John Wesley Weekes, Decatur, Ga., Richard H. Cocke, J. Sanford Mullins, Alexander City, Ala., for respondent.
Before HOLMES, BORAH, and RUSSELL, Circuit Judges.
Rehearing Granted May 10, 1951. See 187 F.2d 336.
This case is before the court on petition of the National Labor Relations Board, seeking enforcement of its order against the respondents, directing both the corporate and individual respondents to cease and desist from certain unfair labor practices and to post notices to that effect. The order further directed the corporate respondents to reinstate and make whole certain former employees; and to reinstate two employees to their position from which they were alleged to have been demoted and make them whole for any loss of pay that may have been suffered by them.
The Board found that both the corporate and individual respondents had separately violated Section 8(1) of the Act1 by interfering with, restraining, and coercing the Russell Mills employees in the exercise of their self-organizational and collective bargaining rights guaranteed by Section 7; that the individual respondents were acting, with regard to their anti-union activities, as agents of the corporate respondents, and as such, made not only the corporate respondents liable for their acts, but made themselves employers within the meaning of Section 2(2) of the Act, and subject to the Board's sanctions; that the corporate respondents had violated Section 8(2) by dominating the plant-recreation committee, so as to make it a company dominated union within the meaning of the Act; that the corporate respondents violated Section 8(3) of the Act by discriminating against seven of their employees with respect to the terms and conditions of their employment. Considering the record as a whole, there is substantial evidence to support the Board's findings except that part which found the individual respondents to be agents of the corporate respondents.
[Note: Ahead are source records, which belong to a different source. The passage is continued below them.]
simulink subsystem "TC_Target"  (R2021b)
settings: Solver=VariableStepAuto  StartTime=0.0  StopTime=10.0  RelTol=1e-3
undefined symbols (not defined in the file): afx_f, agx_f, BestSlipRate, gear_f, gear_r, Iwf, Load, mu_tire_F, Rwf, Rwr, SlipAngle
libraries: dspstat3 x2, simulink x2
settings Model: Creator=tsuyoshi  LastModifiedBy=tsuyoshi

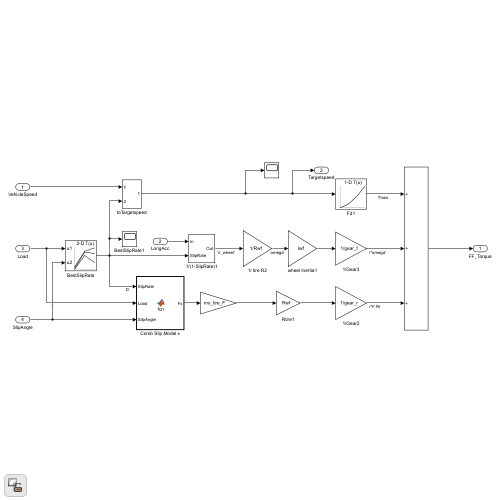
[thumbnail: Simulink's stored preview of the top-level diagram]
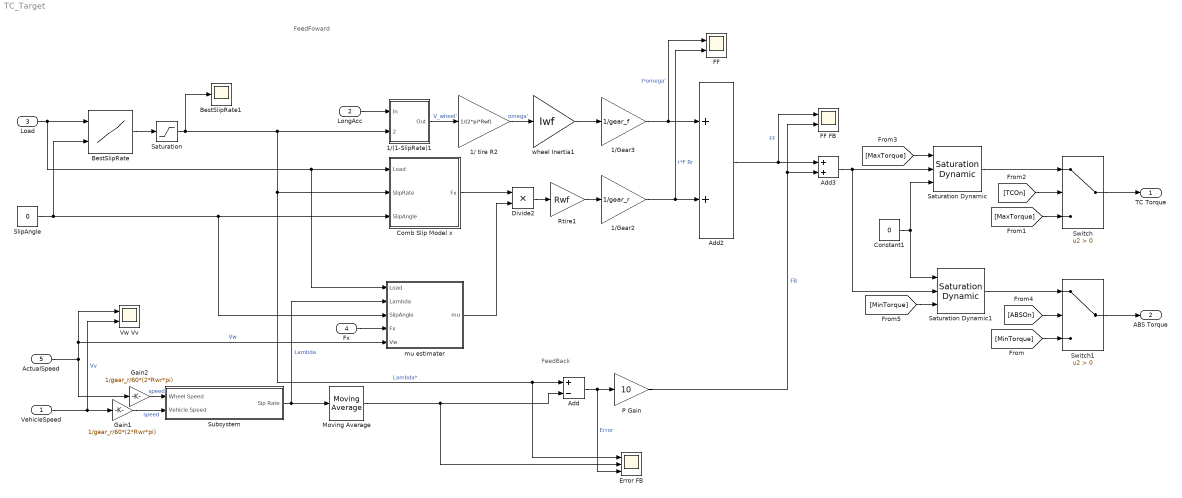
== system TC_Target ==
  note: FeedFoward
  note: FeedBack
  VehicleSpeed : Inport
  LongAcc : Inport  Port=2
  Load : Inport  Port=3
  Fx : Inport  Port=4
  ActualSpeed : Inport  Port=5
  1/ tire R2 : Gain  Gain=1/(2*pi*Rwf)
  1/(1-SlipRate)1 : Subsystem
  1/Gear2 : Gain  Gain=1/gear_r
  1/Gear3 : Gain  Gain=1/gear_f
  Add : Sum  Inputs=+-
  Add2 : Sum
  Add3 : Sum
  BestSlipRate : Lookup_n-D  BreakpointsForDimension1=Load  BreakpointsForDimension2=SlipAngle  Table=BestSlipRate  InternalRulePriority=Speed  RndMeth=Simplest  InputSameDT=on
      settings: InputPortMap=u0,u1
  BestSlipRate1 : Scope
  Comb Slip Model x : MATLAB Function  TreatAsAtomicUnit=on
  Constant1 : Constant  Value=0
  Divide2 : Product  Inputs=**
  Error FB : Scope  NumInputPorts=3
  FF : Scope  NumInputPorts=2
  FF FB : Scope  NumInputPorts=2
  Gain1 : Gain  Gain=1/gear_r/60*(2*Rwr*pi)
  Gain2 : Gain  Gain=1/gear_r/60*(2*Rwr*pi)
  Moving Average : dspstat3/Moving Average  Method=Sliding window  ForgettingFactorPort=off  SpecifyWindowLength=on  WindowLength=10  ForgettingFactor=0.9  SimulateUsing=Code generation
  P Gain : Gain  Gain=10
  Rtire1 : Gain  Gain=Rwf
  Saturation : Saturate  UpperLimit=0.3  LowerLimit=-0.3
  Saturation Dynamic : simulink/Discontinuities/Saturation Dynamic  OutMin=[]  OutMax=[]  OutDataTypeStr=Inherit: Same as second input  OutDataType=fixdt(1, 16)  OutScaling=2^-10  DoSatur=off
  Saturation Dynamic1 : simulink/Discontinuities/Saturation Dynamic  OutMin=[]  OutMax=[]  OutDataTypeStr=Inherit: Same as second input  OutDataType=fixdt(1, 16)  OutScaling=2^-10  DoSatur=off
  SlipAngle : Constant  Value=0
  Subsystem : Subsystem
  Switch : Switch  Criteria=u2 > Threshold
  Switch1 : Switch  Criteria=u2 > Threshold
  Vw Vv : Scope  NumInputPorts=2
  mu estimater : Subsystem
  wheel Inertia1 : Gain  Gain=Iwf
  TC Torque : Outport
  ABS Torque : Outport  Port=2
  wires:
  mu estimater/1(mu) -> Divide2/2
  Fx/1 -> mu estimater/4(Fx)
  Comb Slip Model x/1(Fx) -> Divide2/1
  Divide2/1 -> Rtire1/1
  Subsystem/1(Sip Rate) -> mu estimater/2(Lambda), Moving Average/1  "Lambda"
  Switch1/1 -> ABS Torque/1
  [MinTorque] -> Saturation Dynamic1/3
  Saturation Dynamic1/1 -> Switch1/1
  [ABSOn] -> Switch1/2
  [MinTorque] -> Switch1/3
  [MaxTorque] -> Saturation Dynamic/1
  Constant1/1 -> Saturation Dynamic/3, Saturation Dynamic1/1
  Switch/1 -> TC Torque/1
  Saturation Dynamic/1 -> Switch/1
  [TCOn] -> Switch/2
  Add3/1 -> Saturation Dynamic1/2, Saturation Dynamic/2
  [MaxTorque] -> Switch/3
  P Gain/1 -> Add3/2, FF FB/2  "FB"
  Add2/1 -> FF FB/1, Add3/1  "FF"
  Add/1 -> Error FB/3, P Gain/1  "Error"
  VehicleSpeed/1 -> Vw Vv/2, Gain1/1  "Vv"
  ActualSpeed/1 -> mu estimater/5(Vw), Vw Vv/1, Gain2/1  "Vw"
  BestSlipRate/1 -> Saturation/1
  SlipAngle/1 -> BestSlipRate/2, mu estimater/3(SlipAngle), Comb Slip Model x/3(SlipAngle)
  LongAcc/1 -> 1/(1-SlipRate)1/1(In)
  1/Gear3/1 -> FF/1, Add2/1  "I*omega'"
  1/ tire R2/1 -> wheel Inertia1/1  "omega'"
  Rtire1/1 -> 1/Gear2/1
  Load/1 -> mu estimater/1(Load), Comb Slip Model x/1(Load), BestSlipRate/1
  1/Gear2/1 -> FF/2, Add2/2  "r*F Rr"
  wheel Inertia1/1 -> 1/Gear3/1
  Saturation/1 -> 1/(1-SlipRate)1/2(SlipRate), Error FB/1, Add/1, Comb Slip Model x/2(SlipRate), BestSlipRate1/1  "Lambda*"
  1/(1-SlipRate)1/1(Out) -> 1/ tire R2/1  "V_wheel'"
  Gain1/1 -> Subsystem/2(Vehicle Speed)  "speed"
  Gain2/1 -> Subsystem/1(Wheel Speed)  "speed"
  Moving Average/1 -> Add/2, Error FB/2

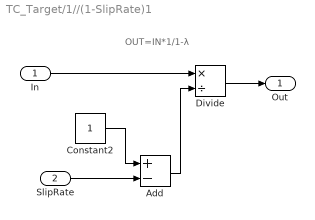
== system TC_Target/1//(1-SlipRate)1 ==
  note: OUT=IN*1/1-λ
  In : Inport
  SlipRate : Inport  Port=2
  Add : Sum  Inputs=+-
  Constant2 : Constant
  Divide : Product  Inputs=*/
  Out : Outport
  wires:
  Constant2/1 -> Add/1
  Add/1 -> Divide/2
  SlipRate/1 -> Add/2
  Divide/1 -> Out/1
  In/1 -> Divide/1

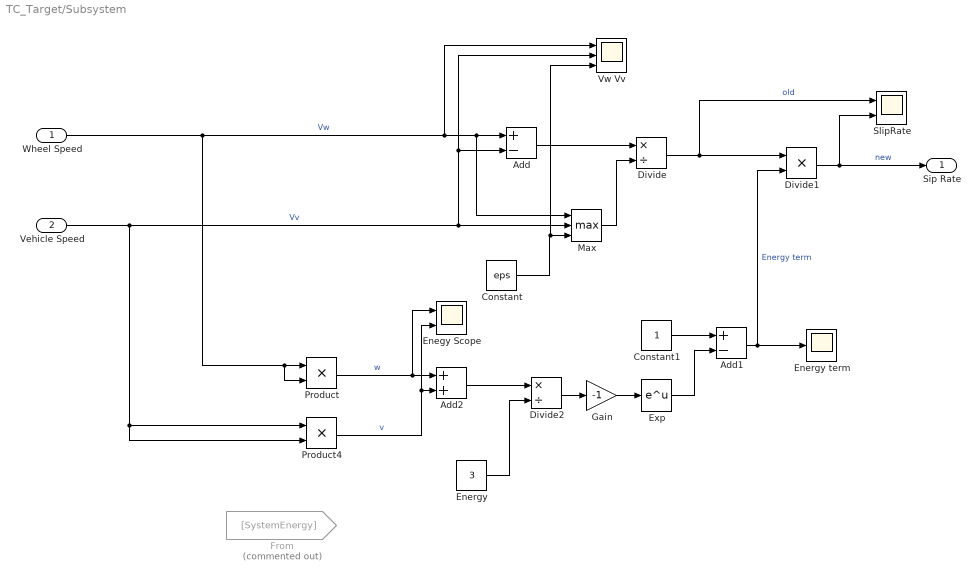
== system TC_Target/Subsystem ==
  Wheel Speed : Inport
  Vehicle Speed : Inport  Port=2
  Add : Sum  Inputs=+-
  Add1 : Sum  Inputs=+-
  Add2 : Sum
  Constant : Constant  Value=eps
  Constant1 : Constant
  Divide : Product  Inputs=*/
  Divide1 : Product  Inputs=**
  Divide2 : Product  Inputs=*/
  Enegy Scope : Scope  NumInputPorts=2
  Energy : Constant  Value=3
  Energy term : Scope
  Exp : Math  SaturateOnIntegerOverflow=on
  From : From  Commented=on  GotoTag=SystemEnergy  TagVisibility=global
  Gain : Gain  Gain=-1
  Max : MinMax  Function=max  Inputs=3
  Product : Product
  Product4 : Product
  SlipRate : Scope  NumInputPorts=2
  Vw Vv : Scope  NumInputPorts=3
  Sip Rate : Outport  VectorParamsAs1DForOutWhenUnconnected=off
  wires:
  Divide2/1 -> Gain/1
  Constant/1 -> Max/3, Vw Vv/3
  Gain/1 -> Exp/1
  Max/1 -> Divide/2
  Divide/1 -> Divide1/1, SlipRate/1  "old"
  Wheel Speed/1 -> Max/1, Add/1, Vw Vv/1, Product/2, Product/1  "Vw"
  Divide1/1 -> SlipRate/2, Sip Rate/1  "new"
  Product4/1 -> Enegy Scope/2, Add2/2  "v"
  Exp/1 -> Add1/2
  Energy/1 -> Divide2/2
  Vehicle Speed/1 -> Product4/1, Product4/2, Vw Vv/2, Add/2, Max/2  "Vv"
  Add1/1 -> Divide1/2, Energy term/1  "Energy term"
  Add/1 -> Divide/1
  Constant1/1 -> Add1/1
  Add2/1 -> Divide2/1
  Product/1 -> Add2/1, Enegy Scope/1  "w"

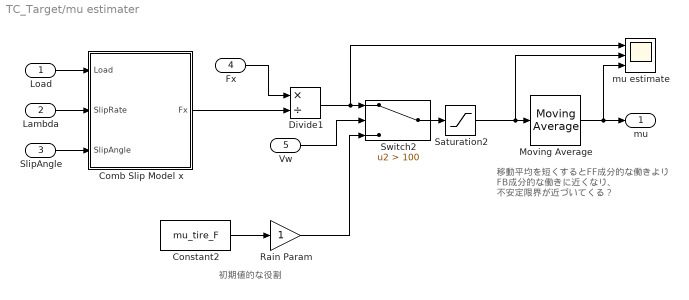
== system TC_Target/mu estimater ==
  note: 初期値的な役割
  note: 移動平均を短くするとFF成分的な働きより
      | FB成分的な働きに近くなり、
      | 不安定限界が近づいてくる？
  Load : Inport
  Lambda : Inport  Port=2
  SlipAngle : Inport  Port=3
  Fx : Inport  Port=4
  Vw : Inport  Port=5
  Comb Slip Model x : MATLAB Function  TreatAsAtomicUnit=on
  Constant2 : Constant  Value=mu_tire_F
  Divide1 : Product  Inputs=*/
  Moving Average : dspstat3/Moving Average  Method=Sliding window  ForgettingFactorPort=off  SpecifyWindowLength=on  WindowLength=100  ForgettingFactor=0.9  SimulateUsing=Code generation
  Rain Param : Gain
  Saturation2 : Saturate  UpperLimit=0.7  LowerLimit=0.1
  Switch2 : Switch  Criteria=u2 > Threshold  Threshold=100
  mu estimate : Scope  NumInputPorts=3
  mu : Outport
  wires:
  Rain Param/1 -> Switch2/3
  Constant2/1 -> Rain Param/1
  Saturation2/1 -> mu estimate/2, Moving Average/1
  Fx/1 -> Divide1/1
  Moving Average/1 -> mu estimate/3, mu/1
  Divide1/1 -> mu estimate/1, Switch2/1
  Vw/1 -> Switch2/2
  Switch2/1 -> Saturation2/1
  Comb Slip Model x/1(Fx) -> Divide1/2
  Load/1 -> Comb Slip Model x/1(Load)
  Lambda/1 -> Comb Slip Model x/2(SlipRate)
  SlipAngle/1 -> Comb Slip Model x/3(SlipAngle)

== matlab function TC_Target/Comb Slip Model x ==
  data: Load input; SlipRate input; Fx output; SlipAngle input; agx_f parameter; afx_f parameter
function Fx = fcn(Load, SlipRate, SlipAngle, agx_f, afx_f)
    if Load==0
        Fx=0;
    else
        C = agx_f(1);
        D = fcnPureFx(Load, SlipRate, afx_f);
        E = Load*agx_f(4) + agx_f(5);
        B = agx_f(2)*sin(2*atan(Load/agx_f(3)))/(D*C);
        Fx = D*cos(C*atan(B*SlipAngle-E*(B*SlipAngle-atan(B*SlipAngle))));
    end
end

function PureFx = fcnPureFx(Load, SlipRate, afx_f)
    C = afx_f(1);
    D = (Load*afx_f(2) + afx_f(3))*Load;
    E = Load*afx_f(6) + afx_f(7);
    B = afx_f(4)*sin(2*atan(Load/afx_f(5)))/(D*C);
    PureFx = D*sin(C*atan(B*SlipRate-E*(B*SlipRate-atan(B*SlipRate))));
end

== matlab function TC_Target/mu estimater/Comb Slip Model x ==
  data: Load input; SlipRate input; Fx output; SlipAngle input; agx_f parameter; afx_f parameter
function Fx = fcn(Load, SlipRate, SlipAngle, agx_f, afx_f)
    if Load==0
        Fx=0;
    else
        C = agx_f(1);
        D = fcnPureFx(Load, SlipRate, afx_f);
        E = Load*agx_f(4) + agx_f(5);
        B = agx_f(2)*sin(2*atan(Load/agx_f(3)))/(D*C);
        Fx = D*cos(C*atan(B*SlipAngle-E*(B*SlipAngle-atan(B*SlipAngle))));
    end
end

function PureFx = fcnPureFx(Load, SlipRate, afx_f)
    C = afx_f(1);
    D = (Load*afx_f(2) + afx_f(3))*Load;
    E = Load*afx_f(6) + afx_f(7);
    B = afx_f(4)*sin(2*atan(Load/afx_f(5)))/(D*C);
    PureFx = D*sin(C*atan(B*SlipRate-E*(B*SlipRate-atan(B*SlipRate))));
end

The term "employer" is defined in the Act to include any person acting in the interest of an employer, directly or indirectly, but does not include the United States, or any State or political subdivision thereof. In order to make the individual respondents subject to the sanctions of the Board, it is necessary to bring them within the purview of Section 8(2), which defines the term "employer." If the individual respondents were not agents of the corporate respondents, or did not act in their interest with their knowledge and consent, expressly or impliedly, then they are not employers or persons acting in the employer's interest within the meaning of the Act, and the Board is powerless to issue an order...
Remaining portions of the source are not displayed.